Mar 23, 2007Efforts by Washington legislators have failed to pass legislation this year that would have required parties to obtain consent from consumers before using RFID to "collect, maintain and disclose information" on them, because the bill was not placed on the House legislative floor calendar by March 14. The bill, HB 1031, was returned to the House Rules Committee on March 15, but it will not be heard by the full House during this year.
The proposed legislation says parties selling or issuing RFID tags that are not disabled, deactivated or removed at the point of sale or issuance must use "industry-accepted best standards" to secure the data on the tag. That standard, undefined in the bill, would need to be the best standard endorsed by the RFID industry at the time the particular tag in question was first brought to market, State Representative Jeff Morris (D) told RFID Journal in February (see Washington State Representative Introduces RFID Legislation). In the event of a legal case, he said, the court would determine what that standard was by consulting industry experts. In addition, the bill would have enabled consumers to seek damages from parties violating these rights.

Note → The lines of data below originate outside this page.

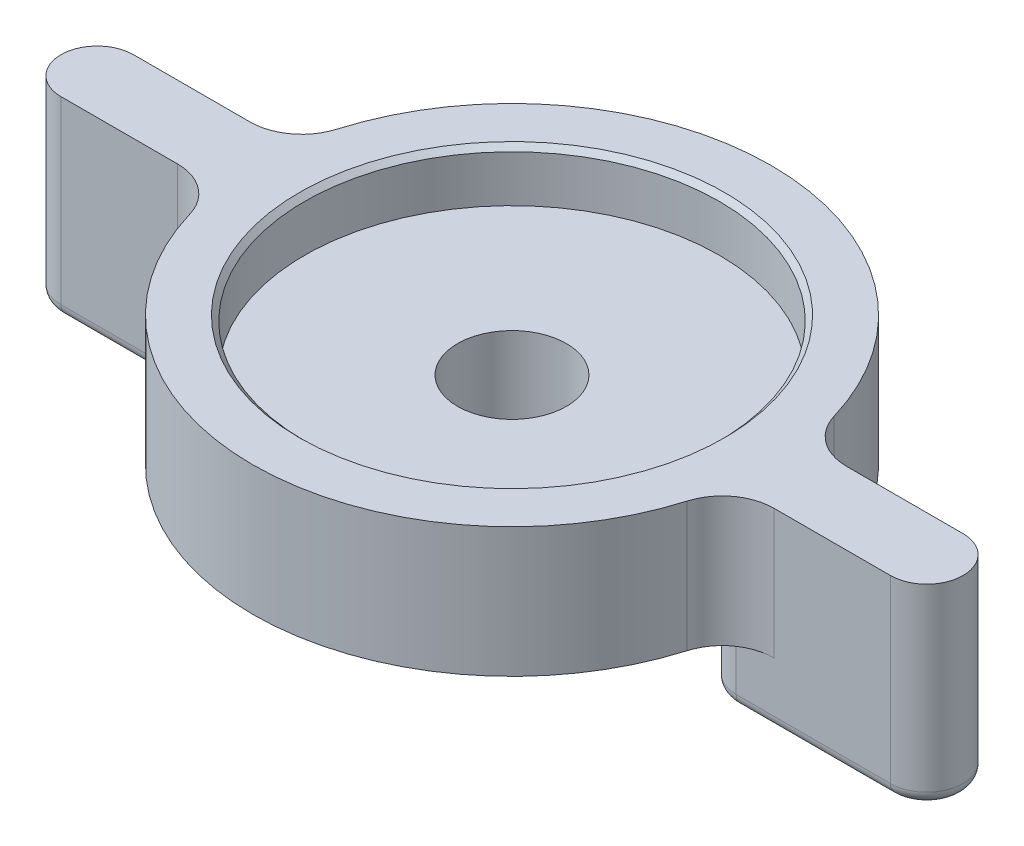
ISO-10303-21;
HEADER;
FILE_DESCRIPTION(('STEP AP214'),'2;1');
FILE_NAME('part.step','',(''),(''),'','','');
FILE_SCHEMA(('AUTOMOTIVE_DESIGN { 1 0 10303 214 1 1 1 1 }'));
ENDSEC;
DATA;
#1=APPLICATION_CONTEXT('core data for automotive mechanical design processes');
#2=APPLICATION_PROTOCOL_DEFINITION('international standard','automotive_design',2000,#1);
#3=PRODUCT_CONTEXT('',#1,'mechanical');
#4=PRODUCT('Part','Part','',(#3));
#5=PRODUCT_RELATED_PRODUCT_CATEGORY('part','',(#4));
#6=PRODUCT_DEFINITION_FORMATION('','',#4);
#7=PRODUCT_DEFINITION_CONTEXT('part definition',#1,'design');
#8=PRODUCT_DEFINITION('design','',#6,#7);
#9=PRODUCT_DEFINITION_SHAPE('','',#8);
#10=(LENGTH_UNIT() NAMED_UNIT(*) SI_UNIT(.MILLI.,.METRE.));
#11=(NAMED_UNIT(*) PLANE_ANGLE_UNIT() SI_UNIT($,.RADIAN.));
#12=(NAMED_UNIT(*) SI_UNIT($,.STERADIAN.) SOLID_ANGLE_UNIT());
#13=UNCERTAINTY_MEASURE_WITH_UNIT(LENGTH_MEASURE(1.E-05),#10,'distance_accuracy_value','');
#14=(GEOMETRIC_REPRESENTATION_CONTEXT(3) GLOBAL_UNCERTAINTY_ASSIGNED_CONTEXT((#13)) GLOBAL_UNIT_ASSIGNED_CONTEXT((#10,
#11,#12)) REPRESENTATION_CONTEXT('',''));
#15=CARTESIAN_POINT('',(0.,0.,0.));
#16=DIRECTION('',(0.,0.,1.));
#17=DIRECTION('',(1.,0.,0.));
#18=AXIS2_PLACEMENT_3D('',#15,#16,#17);
#19=CARTESIAN_POINT('',(-11.5082579046526,3.,3.4));
#20=DIRECTION('',(0.,-1.,0.));
#21=DIRECTION('',(0.,0.,-1.));
#22=AXIS2_PLACEMENT_3D('',#19,#20,#21);
#23=CYLINDRICAL_SURFACE('',#22,2.);
#24=DIRECTION('',(0.,1.,0.));
#25=VECTOR('',#24,1.);
#26=CARTESIAN_POINT('',(-11.5082579046526,3.,1.4));
#27=LINE('',#26,#25);
#28=CARTESIAN_POINT('',(-11.5082579046526,0.,1.4));
#29=VERTEX_POINT('',#28);
#30=CARTESIAN_POINT('',(-11.5082579046524,5.,1.4));
#31=VERTEX_POINT('',#30);
#32=EDGE_CURVE('E287',#29,#31,#27,.T.);
#33=ORIENTED_EDGE('',*,*,#32,.F.);
#34=CARTESIAN_POINT('',(-11.5082579046526,0.,3.4));
#35=DIRECTION('',(0.,1.,0.));
#36=DIRECTION('',(0.,0.,1.));
#37=AXIS2_PLACEMENT_3D('',#34,#35,#36);
#38=CIRCLE('',#37,2.);
#39=CARTESIAN_POINT('',(-9.59021492054387,0.,2.83333333333334));
#40=VERTEX_POINT('',#39);
#41=EDGE_CURVE('E293',#29,#40,#38,.F.);
#42=ORIENTED_EDGE('',*,*,#41,.T.);
#43=DIRECTION('',(0.,-1.,0.));
#44=VECTOR('',#43,1.);
#45=CARTESIAN_POINT('',(-9.59021492054387,3.,2.83333333333333));
#46=LINE('',#45,#44);
#47=CARTESIAN_POINT('',(-9.59021492054387,5.,2.83333333333334));
#48=VERTEX_POINT('',#47);
#49=EDGE_CURVE('E290',#48,#40,#46,.T.);
#50=ORIENTED_EDGE('',*,*,#49,.F.);
#51=CARTESIAN_POINT('',(-11.5082579046526,5.,3.4));
#52=DIRECTION('',(0.,1.,0.));
#53=DIRECTION('',(0.,0.,1.));
#54=AXIS2_PLACEMENT_3D('',#51,#52,#53);
#55=CIRCLE('',#54,2.);
#56=EDGE_CURVE('E295',#48,#31,#55,.T.);
#57=ORIENTED_EDGE('',*,*,#56,.T.);
#58=EDGE_LOOP('',(#33,#42,#50,#57));
#59=FACE_BOUND('',#58,.T.);
#60=ADVANCED_FACE('F33',(#59),#23,.F.);
#61=CARTESIAN_POINT('',(-11.5082579046526,3.,-3.4));
#62=DIRECTION('',(0.,-1.,0.));
#63=DIRECTION('',(0.,0.,-1.));
#64=AXIS2_PLACEMENT_3D('',#61,#62,#63);
#65=CYLINDRICAL_SURFACE('',#64,2.);
#66=DIRECTION('',(0.,-1.,0.));
#67=VECTOR('',#66,1.);
#68=CARTESIAN_POINT('',(-9.59021492054387,3.,-2.83333333333333));
#69=LINE('',#68,#67);
#70=CARTESIAN_POINT('',(-9.59021492054387,0.,-2.83333333333334));
#71=VERTEX_POINT('',#70);
#72=CARTESIAN_POINT('',(-9.59021492054387,5.,-2.83333333333334));
#73=VERTEX_POINT('',#72);
#74=EDGE_CURVE('E271',#71,#73,#69,.F.);
#75=ORIENTED_EDGE('',*,*,#74,.F.);
#76=CARTESIAN_POINT('',(-11.5082579046526,0.,-3.4));
#77=DIRECTION('',(0.,1.,0.));
#78=DIRECTION('',(0.,0.,1.));
#79=AXIS2_PLACEMENT_3D('',#76,#77,#78);
#80=CIRCLE('',#79,2.);
#81=CARTESIAN_POINT('',(-11.5082579046526,0.,-1.4));
#82=VERTEX_POINT('',#81);
#83=EDGE_CURVE('E280',#71,#82,#80,.F.);
#84=ORIENTED_EDGE('',*,*,#83,.T.);
#85=DIRECTION('',(0.,1.,0.));
#86=VECTOR('',#85,1.);
#87=CARTESIAN_POINT('',(-11.5082579046526,3.,-1.4));
#88=LINE('',#87,#86);
#89=CARTESIAN_POINT('',(-11.5082579046526,5.,-1.4));
#90=VERTEX_POINT('',#89);
#91=EDGE_CURVE('E277',#90,#82,#88,.F.);
#92=ORIENTED_EDGE('',*,*,#91,.F.);
#93=CARTESIAN_POINT('',(-11.5082579046526,5.,-3.4));
#94=DIRECTION('',(0.,1.,0.));
#95=DIRECTION('',(0.,0.,1.));
#96=AXIS2_PLACEMENT_3D('',#93,#94,#95);
#97=CIRCLE('',#96,2.);
#98=EDGE_CURVE('E282',#90,#73,#97,.T.);
#99=ORIENTED_EDGE('',*,*,#98,.T.);
#100=EDGE_LOOP('',(#75,#84,#92,#99));
#101=FACE_BOUND('',#100,.T.);
#102=ADVANCED_FACE('F366',(#101),#65,.F.);
#103=CARTESIAN_POINT('',(11.5082579046526,3.,3.4));
#104=DIRECTION('',(0.,-1.,0.));
#105=DIRECTION('',(0.,0.,-1.));
#106=AXIS2_PLACEMENT_3D('',#103,#104,#105);
#107=CYLINDRICAL_SURFACE('',#106,2.);
#108=DIRECTION('',(0.,1.,0.));
#109=VECTOR('',#108,1.);
#110=CARTESIAN_POINT('',(11.5082579046526,3.,1.4));
#111=LINE('',#110,#109);
#112=CARTESIAN_POINT('',(11.5082579046526,5.,1.4));
#113=VERTEX_POINT('',#112);
#114=CARTESIAN_POINT('',(11.5082579046526,0.,1.4));
#115=VERTEX_POINT('',#114);
#116=EDGE_CURVE('E191',#113,#115,#111,.F.);
#117=ORIENTED_EDGE('',*,*,#116,.F.);
#118=CARTESIAN_POINT('',(11.5082579046526,5.,3.4));
#119=DIRECTION('',(0.,1.,0.));
#120=DIRECTION('',(0.,0.,1.));
#121=AXIS2_PLACEMENT_3D('',#118,#119,#120);
#122=CIRCLE('',#121,2.);
#123=CARTESIAN_POINT('',(9.59021492054387,5.,2.83333333333333));
#124=VERTEX_POINT('',#123);
#125=EDGE_CURVE('E266',#113,#124,#122,.T.);
#126=ORIENTED_EDGE('',*,*,#125,.T.);
#127=DIRECTION('',(0.,-1.,0.));
#128=VECTOR('',#127,1.);
#129=CARTESIAN_POINT('',(9.59021492054387,3.,2.83333333333333));
#130=LINE('',#129,#128);
#131=CARTESIAN_POINT('',(9.59021492054387,0.,2.83333333333333));
#132=VERTEX_POINT('',#131);
#133=EDGE_CURVE('E263',#132,#124,#130,.F.);
#134=ORIENTED_EDGE('',*,*,#133,.F.);
#135=CARTESIAN_POINT('',(11.5082579046526,0.,3.4));
#136=DIRECTION('',(0.,1.,0.));
#137=DIRECTION('',(0.,0.,1.));
#138=AXIS2_PLACEMENT_3D('',#135,#136,#137);
#139=CIRCLE('',#138,2.);
#140=EDGE_CURVE('E269',#132,#115,#139,.F.);
#141=ORIENTED_EDGE('',*,*,#140,.T.);
#142=EDGE_LOOP('',(#117,#126,#134,#141));
#143=FACE_BOUND('',#142,.T.);
#144=ADVANCED_FACE('F372',(#143),#107,.F.);
#145=CARTESIAN_POINT('',(11.5082579046526,3.,-3.4));
#146=DIRECTION('',(0.,-1.,0.));
#147=DIRECTION('',(0.,0.,-1.));
#148=AXIS2_PLACEMENT_3D('',#145,#146,#147);
#149=CYLINDRICAL_SURFACE('',#148,2.);
#150=DIRECTION('',(0.,-1.,0.));
#151=VECTOR('',#150,1.);
#152=CARTESIAN_POINT('',(9.59021492054387,3.,-2.83333333333333));
#153=LINE('',#152,#151);
#154=CARTESIAN_POINT('',(9.59021492054387,5.,-2.83333333333333));
#155=VERTEX_POINT('',#154);
#156=CARTESIAN_POINT('',(9.59021492054387,0.,-2.83333333333333));
#157=VERTEX_POINT('',#156);
#158=EDGE_CURVE('E252',#155,#157,#153,.T.);
#159=ORIENTED_EDGE('',*,*,#158,.F.);
#160=CARTESIAN_POINT('',(11.5082579046526,5.,-3.4));
#161=DIRECTION('',(0.,1.,0.));
#162=DIRECTION('',(0.,0.,1.));
#163=AXIS2_PLACEMENT_3D('',#160,#161,#162);
#164=CIRCLE('',#163,2.);
#165=CARTESIAN_POINT('',(11.5082579046524,5.,-1.4));
#166=VERTEX_POINT('',#165);
#167=EDGE_CURVE('E259',#155,#166,#164,.T.);
#168=ORIENTED_EDGE('',*,*,#167,.T.);
#169=DIRECTION('',(0.,1.,0.));
#170=VECTOR('',#169,1.);
#171=CARTESIAN_POINT('',(11.5082579046526,3.,-1.4));
#172=LINE('',#171,#170);
#173=CARTESIAN_POINT('',(11.5082579046526,0.,-1.4));
#174=VERTEX_POINT('',#173);
#175=EDGE_CURVE('E256',#174,#166,#172,.T.);
#176=ORIENTED_EDGE('',*,*,#175,.F.);
#177=CARTESIAN_POINT('',(11.5082579046526,0.,-3.4));
#178=DIRECTION('',(0.,1.,0.));
#179=DIRECTION('',(0.,0.,1.));
#180=AXIS2_PLACEMENT_3D('',#177,#178,#179);
#181=CIRCLE('',#180,2.);
#182=EDGE_CURVE('E194',#174,#157,#181,.F.);
#183=ORIENTED_EDGE('',*,*,#182,.T.);
#184=EDGE_LOOP('',(#159,#168,#176,#183));
#185=FACE_BOUND('',#184,.T.);
#186=ADVANCED_FACE('F465',(#185),#149,.F.);
#187=CARTESIAN_POINT('',(0.,3.,0.));
#188=DIRECTION('',(0.,1.,0.));
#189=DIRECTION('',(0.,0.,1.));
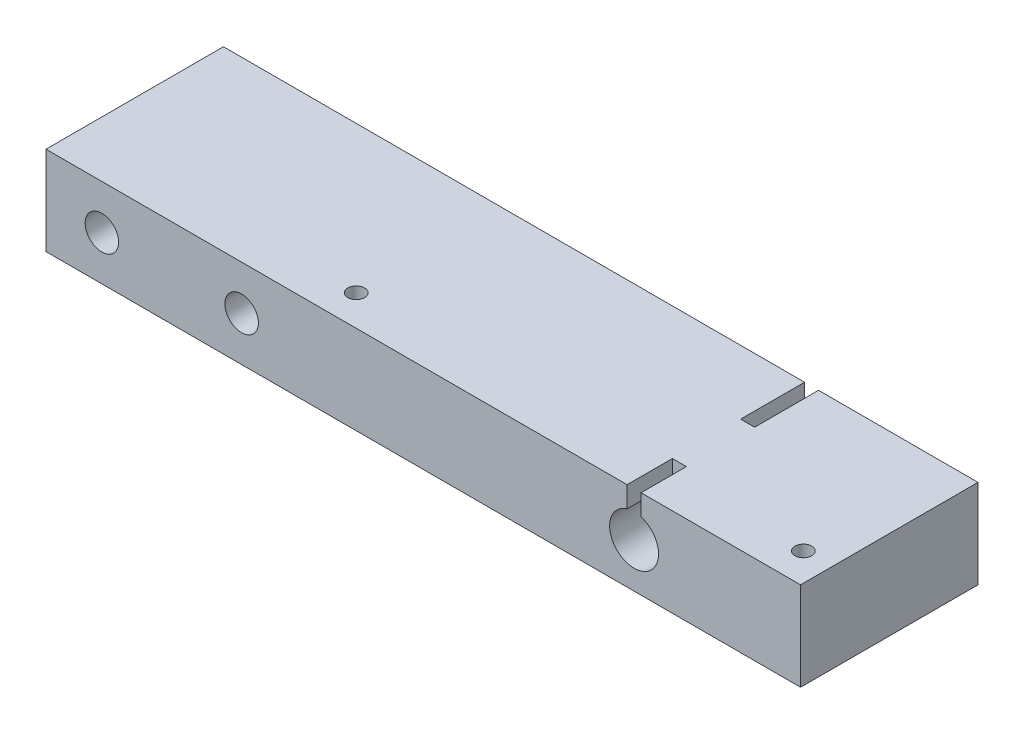
ISO-10303-21;
HEADER;
FILE_DESCRIPTION(('STEP AP214'),'2;1');
FILE_NAME('part.step','',(''),(''),'','','');
FILE_SCHEMA(('AUTOMOTIVE_DESIGN { 1 0 10303 214 1 1 1 1 }'));
ENDSEC;
DATA;
#1=APPLICATION_CONTEXT('core data for automotive mechanical design processes');
#2=APPLICATION_PROTOCOL_DEFINITION('international standard','automotive_design',2000,#1);
#3=PRODUCT_CONTEXT('',#1,'mechanical');
#4=PRODUCT('Part','Part','',(#3));
#5=PRODUCT_RELATED_PRODUCT_CATEGORY('part','',(#4));
#6=PRODUCT_DEFINITION_FORMATION('','',#4);
#7=PRODUCT_DEFINITION_CONTEXT('part definition',#1,'design');
#8=PRODUCT_DEFINITION('design','',#6,#7);
#9=PRODUCT_DEFINITION_SHAPE('','',#8);
#10=(LENGTH_UNIT() NAMED_UNIT(*) SI_UNIT(.MILLI.,.METRE.));
#11=(NAMED_UNIT(*) PLANE_ANGLE_UNIT() SI_UNIT($,.RADIAN.));
#12=(NAMED_UNIT(*) SI_UNIT($,.STERADIAN.) SOLID_ANGLE_UNIT());
#13=UNCERTAINTY_MEASURE_WITH_UNIT(LENGTH_MEASURE(1.E-05),#10,'distance_accuracy_value','');
#14=(GEOMETRIC_REPRESENTATION_CONTEXT(3) GLOBAL_UNCERTAINTY_ASSIGNED_CONTEXT((#13)) GLOBAL_UNIT_ASSIGNED_CONTEXT((#10,
#11,#12)) REPRESENTATION_CONTEXT('',''));
#15=CARTESIAN_POINT('',(0.,0.,0.));
#16=DIRECTION('',(0.,0.,1.));
#17=DIRECTION('',(1.,0.,0.));
#18=AXIS2_PLACEMENT_3D('',#15,#16,#17);
#19=CARTESIAN_POINT('',(42.0877150460028,3.175,0.));
#20=DIRECTION('',(0.,0.,1.));
#21=DIRECTION('',(1.,0.,0.));
#22=AXIS2_PLACEMENT_3D('',#19,#20,#21);
#23=CYLINDRICAL_SURFACE('',#22,1.75);
#24=CARTESIAN_POINT('',(42.0877150460028,3.175,9.45688860373222));
#25=DIRECTION('',(0.,0.,-1.));
#26=DIRECTION('',(-1.,0.,0.));
#27=AXIS2_PLACEMENT_3D('',#24,#25,#26);
#28=CIRCLE('',#27,1.75);
#29=CARTESIAN_POINT('',(41.5877150460028,4.85205098312485,9.45688860373222));
#30=VERTEX_POINT('',#29);
#31=CARTESIAN_POINT('',(42.5877150460028,4.85205098312485,9.45688860373222));
#32=VERTEX_POINT('',#31);
#33=EDGE_CURVE('E322',#30,#32,#28,.T.);
#34=ORIENTED_EDGE('',*,*,#33,.F.);
#35=DIRECTION('',(0.,0.,1.));
#36=VECTOR('',#35,1.);
#37=CARTESIAN_POINT('',(41.5877150460028,4.85205098312485,0.));
#38=LINE('',#37,#36);
#39=CARTESIAN_POINT('',(41.5877150460028,4.85205098312485,12.7));
#40=VERTEX_POINT('',#39);
#41=EDGE_CURVE('E323',#40,#30,#38,.F.);
#42=ORIENTED_EDGE('',*,*,#41,.F.);
#43=CARTESIAN_POINT('',(42.0877150460028,3.175,12.7));
#44=DIRECTION('',(0.,0.,1.));
#45=DIRECTION('',(1.,0.,0.));
#46=AXIS2_PLACEMENT_3D('',#43,#44,#45);
#47=CIRCLE('',#46,1.75);
#48=CARTESIAN_POINT('',(42.5877150460028,4.85205098312485,12.7));
#49=VERTEX_POINT('',#48);
#50=EDGE_CURVE('E318',#40,#49,#47,.T.);
#51=ORIENTED_EDGE('',*,*,#50,.T.);
#52=DIRECTION('',(0.,0.,1.));
#53=VECTOR('',#52,1.);
#54=CARTESIAN_POINT('',(42.5877150460028,4.85205098312485,0.));
#55=LINE('',#54,#53);
#56=EDGE_CURVE('E72',#32,#49,#55,.T.);
#57=ORIENTED_EDGE('',*,*,#56,.F.);
#58=EDGE_LOOP('',(#34,#42,#51,#57));
#59=FACE_BOUND('',#58,.T.);
#60=CARTESIAN_POINT('',(42.0877150460028,3.175,0.));
#61=DIRECTION('',(0.,0.,1.));
#62=DIRECTION('',(1.,0.,0.));
#63=AXIS2_PLACEMENT_3D('',#60,#61,#62);
#64=CIRCLE('',#63,1.75);
#65=CARTESIAN_POINT('',(41.5877150460028,4.85205098312485,0.));
#66=VERTEX_POINT('',#65);
#67=CARTESIAN_POINT('',(42.5877150460028,4.85205098312485,0.));
#68=VERTEX_POINT('',#67);
#69=EDGE_CURVE('E259',#66,#68,#64,.T.);
#70=ORIENTED_EDGE('',*,*,#69,.F.);
#71=DIRECTION('',(0.,0.,1.));
#72=VECTOR('',#71,1.);
#73=CARTESIAN_POINT('',(41.5877150460028,4.85205098312485,0.));
#74=LINE('',#73,#72);
#75=CARTESIAN_POINT('',(41.5877150460028,4.85205098312485,4.57737416325741));
#76=VERTEX_POINT('',#75);
#77=EDGE_CURVE('E146',#76,#66,#74,.F.);
#78=ORIENTED_EDGE('',*,*,#77,.F.);
#79=CARTESIAN_POINT('',(42.0877150460028,3.175,4.57737416325741));
#80=DIRECTION('',(0.,0.,1.));
#81=DIRECTION('',(1.,0.,0.));
#82=AXIS2_PLACEMENT_3D('',#79,#80,#81);
#83=CIRCLE('',#82,1.75);
#84=CARTESIAN_POINT('',(42.5877150460028,4.85205098312485,4.57737416325741));
#85=VERTEX_POINT('',#84);
#86=EDGE_CURVE('E328',#85,#76,#83,.T.);
#87=ORIENTED_EDGE('',*,*,#86,.F.);
#88=DIRECTION('',(0.,0.,1.));
#89=VECTOR('',#88,1.);
#90=CARTESIAN_POINT('',(42.5877150460028,4.85205098312485,0.));
#91=LINE('',#90,#89);
#92=EDGE_CURVE('E310',#68,#85,#91,.T.);
#93=ORIENTED_EDGE('',*,*,#92,.F.);
#94=EDGE_LOOP('',(#70,#78,#87,#93));
#95=FACE_BOUND('',#94,.T.);
#96=CARTESIAN_POINT('',(41.2438838747358,1.64188260253881,7.26658983962968));
#97=CARTESIAN_POINT('',(41.2335650177173,1.64755872849969,7.23395177097413));
#98=CARTESIAN_POINT('',(41.2224999040513,1.65378757728156,7.20166301545152));
#99=CARTESIAN_POINT('',(41.1991993498274,1.66728057297219,7.13774593563371));
#100=CARTESIAN_POINT('',(41.1869644628288,1.67454423097898,7.10611730750206));
#101=CARTESIAN_POINT('',(41.1616156704365,1.69005475189646,7.04340077345724));
#102=CARTESIAN_POINT('',(41.1485003700154,1.69830319211153,7.01231382891692));
#103=CARTESIAN_POINT('',(41.1215830591988,1.71577206412213,6.95071205536086));
#104=CARTESIAN_POINT('',(41.1077809480405,1.72499263876419,6.92019731120298));
#105=CARTESIAN_POINT('',(41.0647349961694,1.75470022167026,6.82776290475933));
#106=CARTESIAN_POINT('',(41.0345988282322,1.77678867093154,6.76676294826807));
#107=CARTESIAN_POINT('',(40.9726773192387,1.82564723348366,6.64758017880724));
#108=CARTESIAN_POINT('',(40.9408935065667,1.85241306073934,6.58939484849348));
#109=CARTESIAN_POINT('',(40.8925257873214,1.89653080040825,6.50551288026816));
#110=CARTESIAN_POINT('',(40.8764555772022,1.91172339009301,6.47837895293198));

"The bill ended up with a few less than the majority it needed" to be placed on the calendar, explains Morris, who authored the legislation and introduced it in January. When the House Committee on Technology and Energy & Communications passed the bill and sent it to the Rules committee, Morris says, it had support from the entire Democratic Caucus and half the Republican Caucus. But then, he says, "the business lobby hit the issue hard," which led to the bill stalling in committee. The lobby he refers to is made up of representatives from a coalition of 34 companies and industry groups, including the American Electronics Association (AEA), EPCglobal, Hewlett-Packard (HP) and a number of semiconductor and telecommunications firms.
The group sent a letter of opposition to the bill to the Washington State House of Representatives on March 10, asking its members to oppose the bill on the basis that it fails to distinguish between different applications of RFID technology, such as retail product tracking versus securing identification cards. The lobby said its requirement for obtaining consumer consent would place "onerous burdens on small businesses," and called notification rules "unnecessary and burdensome."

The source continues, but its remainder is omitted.